The “hypocrisy of the government’s position is breathtaking,” said Greens MP Caroline Lucas.
In the Unearthed/BBC analysis, the more recent loans and loan guarantees in the UK Export Finance (UKEF) portfolio are all oil and gas projects, though government documents show the agency considering a project connected to a “huge coal-powered mine in Mongolia,” Unearthed writes.
All told, the total government investment around the world could hit £6 billion. “As well as the 69 million tonnes of greenhouse gases that will be emitted by projects for which UKEF could be on the hook, the agency has said it is formally considering more fossil fuel projects which would emit at least another 20.6 million tonnes, equivalent to five coal plants,” the publication states. “Other projects still in the early stages—such as that in Mongolia—could drive up the tally further.”
The story cites a UKEF source defending the subsidies as a way to sustain UK jobs against low oil prices, adding that the agency has also funnelled £277.6 million in the last three months to an offshore wind farm off the Taiwan coast and two solar plants in Spain. But a Parliamentary audit committee found that 96% of UKEF’s energy investments from 2013 to 2017 went to fossil projects.
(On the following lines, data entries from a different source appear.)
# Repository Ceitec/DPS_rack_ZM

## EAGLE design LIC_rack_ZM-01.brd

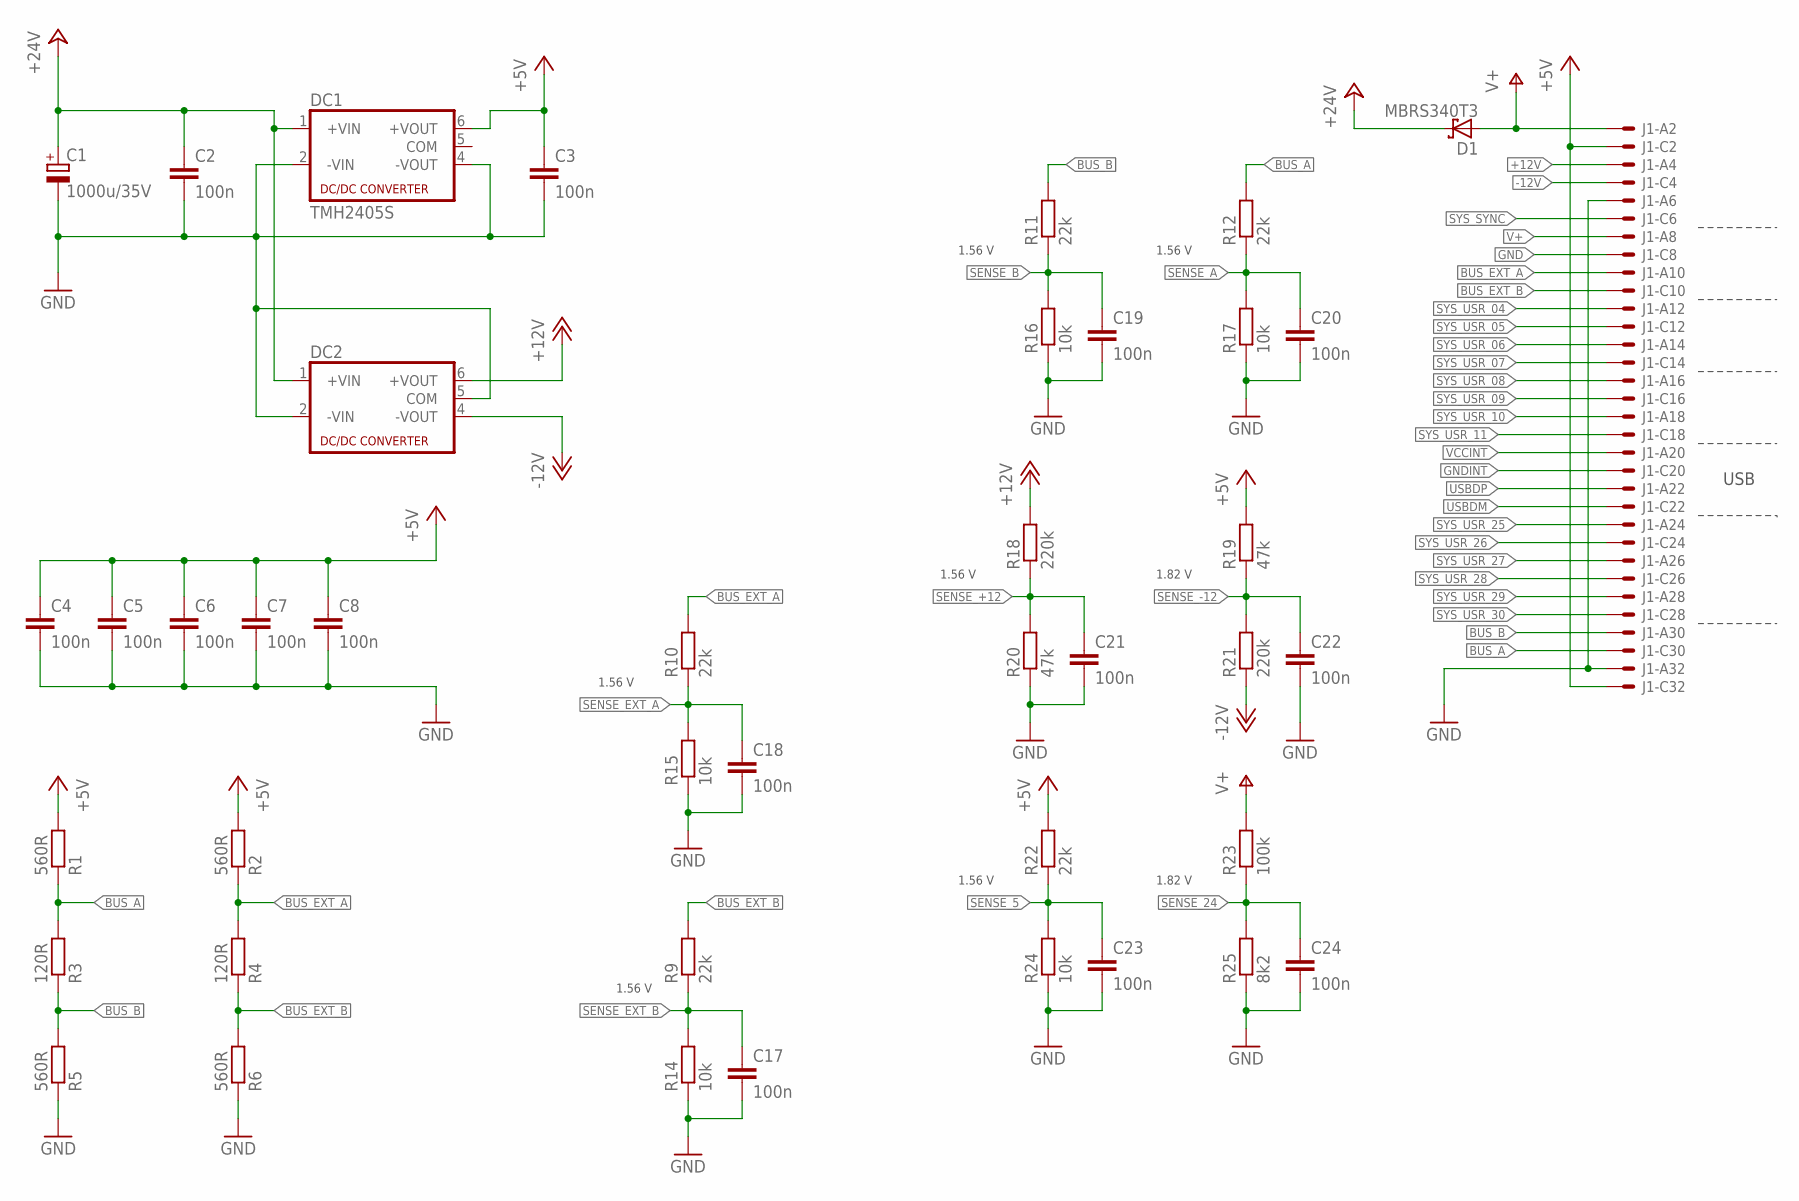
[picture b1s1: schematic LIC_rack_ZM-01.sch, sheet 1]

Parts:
C1: 1000u/35V; E5-13X26-LR
C2, C3, C4, C5, C6, C7, C8, C17, C18, C19, C20, C21, C22, C23, C24: 100n; C1206
D1: MBRS340T3; SMC
DC1: TMH2405S; NMA
DC2: NMA
J1: VG32SP; VG32P
R1, R2, R5, R6: 560R; R1206
R3, R4: 120R; R1206
R9, R10, R11, R12, R22: 22k; R1206
R14, R15, R16, R17, R24: 10k; R1206
R18, R21: 220k; R1206
R19, R20: 47k; R1206
R23: 100k; R1206
R25: 8k2; R1206

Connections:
+5V: C3.1, C4.1, C5.1, C6.1, C7.1, C8.1, DC1.6 (+VOUT), J1.C2 (MS), J1.C32 (MSV), R1.2, R2.2, R19.2, R22.2; also elsewhere on the board
+12V: DC2.6 (+VOUT), J1.A4 (MS), R18.2
+24V: C1.+, C2.1, D1.C, DC1.1 (+VIN), DC2.1 (+VIN)
-12V: DC2.4 (-VOUT), J1.C4 (MS), R21.1
BUS_A: J1.C30 (MS), R1.1, R3.2, R12.2; also elsewhere on the board
BUS_B: J1.A30 (MS), R3.1, R5.2, R11.2; also elsewhere on the board
BUS_EXT_A: J1.A10 (MS), R2.1, R4.2, R10.2; also elsewhere on the board
BUS_EXT_B: J1.C10 (MS), R4.1, R6.2, R9.2; also elsewhere on the board
GND: C1.-, C2.2, C3.2, C4.2, C5.2, C6.2, C7.2, C8.2, C17.2, C18.2, C19.2, C20.2, C21.2, C22.2, C23.2, C24.2, DC1.2 (-VIN), DC1.4 (-VOUT), DC2.2 (-VIN), DC2.5 (COM), J1.A6 (MS), J1.A32 (MS), J1.C8 (MS), R5.1, R6.1, R14.1, R15.1, R16.1, R17.1, R20.1, R24.1, R25.1; also elsewhere on the board
GNDINT: J1.C20 (MS); also elsewhere on the board
SENSE_5: C23.1, R22.1, R24.2; also elsewhere on the board
SENSE_24: C24.1, R23.1, R25.2; also elsewhere on the board
SENSE_+12: C21.1, R18.1, R20.2; also elsewhere on the board
SENSE_-12: C22.1, R19.1, R21.2; also elsewhere on the board
SENSE_A: C20.1, R12.1, R17.2; also elsewhere on the board
SENSE_B: C19.1, R11.1, R16.2; also elsewhere on the board
SENSE_EXT_A: C18.1, R10.1, R15.2; also elsewhere on the board
SENSE_EXT_B: C17.1, R9.1, R14.2; also elsewhere on the board
SYS_SYNC: J1.C6 (MS)
SYS_USR_04: J1.A12 (MS)
SYS_USR_05: J1.C12 (MS)
SYS_USR_06: J1.A14 (MS)
SYS_USR_07: J1.C14 (MS)
SYS_USR_08: J1.A16 (MS)
SYS_USR_09: J1.C16 (MS)
SYS_USR_10: J1.A18 (MS)
SYS_USR_11: J1.C18 (MS)
SYS_USR_25: J1.A24 (MS)
SYS_USR_26: J1.C24 (MS)
SYS_USR_27: J1.A26 (MS)
SYS_USR_28: J1.C26 (MS)
SYS_USR_29: J1.A28 (MS)
SYS_USR_30: J1.C28 (MS)
USBDM: J1.C22 (MS); also elsewhere on the board
USBDP: J1.A22 (MS); also elsewhere on the board
V+: D1.A, J1.A2 (MS), J1.A8 (MS), R23.2
VCCINT: J1.A20 (MS); also elsewhere on the board

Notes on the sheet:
1.82 V
1.56 V
USB

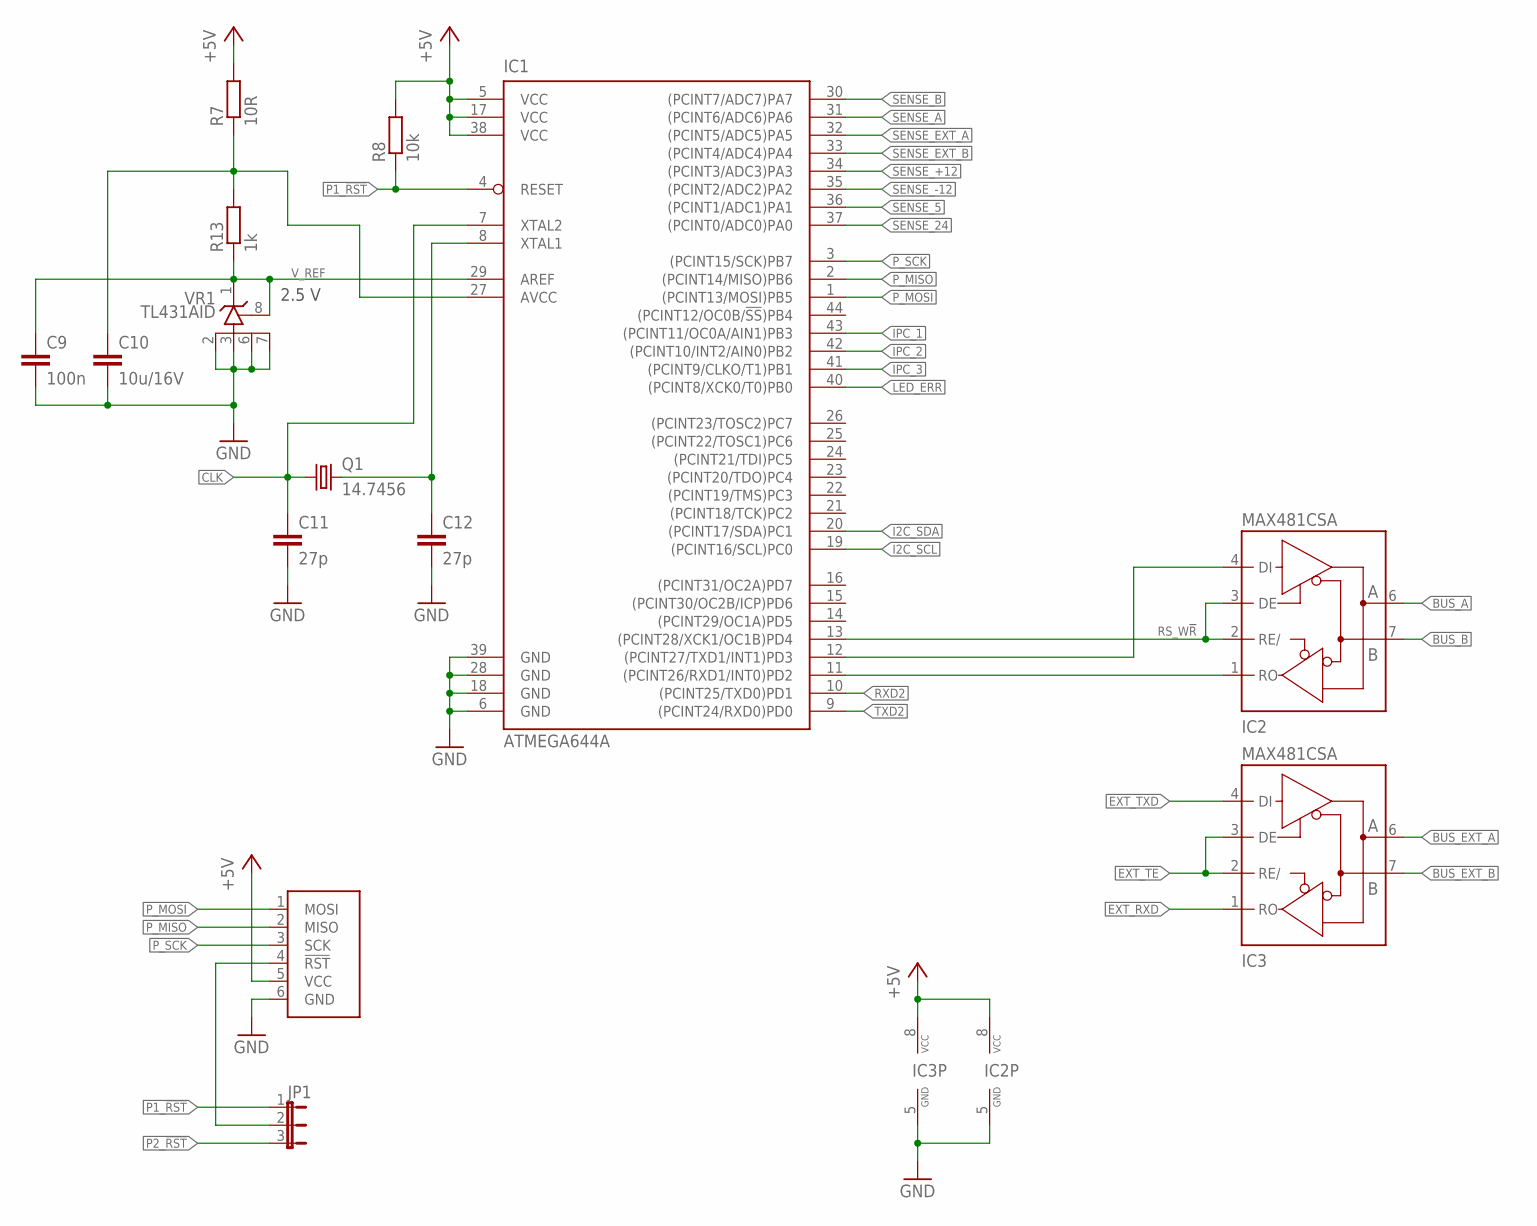
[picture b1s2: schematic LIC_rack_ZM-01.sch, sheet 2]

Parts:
C9: 100n; C1206
C10: 10u/16V; C1206
C11, C12: 27p; C0805
IC1: ATMEGA644A; TQFP44
IC2, IC3: MAX481CSA; SO08
JP1: JP2E; JP2
Q1: 14.7456; HC49U70
R7: 10R; R1206
R8: 10k; R1206
R13: 1k; R1206
U1: ATPROG-V; 6410-06
VR1: TL431AID; SO-08

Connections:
!RST: JP1.2, U1.4 (!RST)
+5V: IC1.5 (VCC), IC1.17 (VCC), IC1.38 (VCC), IC2.8 (VCC), IC3.8 (VCC), R7.2, R8.2, U1.5 (VCC); also elsewhere on the board
+5V_AD: C10.1, IC1.27 (AVCC), R7.1, R13.2
BUS_A: IC2.6 (A); also elsewhere on the board
BUS_B: IC2.7 (B); also elsewhere on the board
BUS_EXT_A: IC3.6 (A); also elsewhere on the board
BUS_EXT_B: IC3.7 (B); also elsewhere on the board
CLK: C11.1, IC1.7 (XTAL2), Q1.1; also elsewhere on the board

“The UK is in a great position to show global leadership on the climate emergency, as we host the UN climate conference later this year,” said Labour MP Kerry McCarthy, who sat on the audit committee. “But we will have zero credibility on the issue if we continue to fund fossil fuel projects overseas, locking other countries into high carbon dependency for many years to come.”
In addition to the Mongolia project, a copper mine to be powered by a separately-funded, 300-MW coal plant, the news exposé covers a natural gas drilling project in the Mozambique Channel, a new oil refinery and steam cracker in Malaysia, and a petrochemical complex in Egypt.
“Channelling taxpayers’ money to support such damaging schemes, which would do so much harm to our climate, is deeply hypocritical and would undermine the UK’s international standing at the very time when we should be leading the global climate effort ahead of the crucial UN climate summit in Glasgow later this year,” said Lisa Nandy, Labour’s former shadow energy secretary.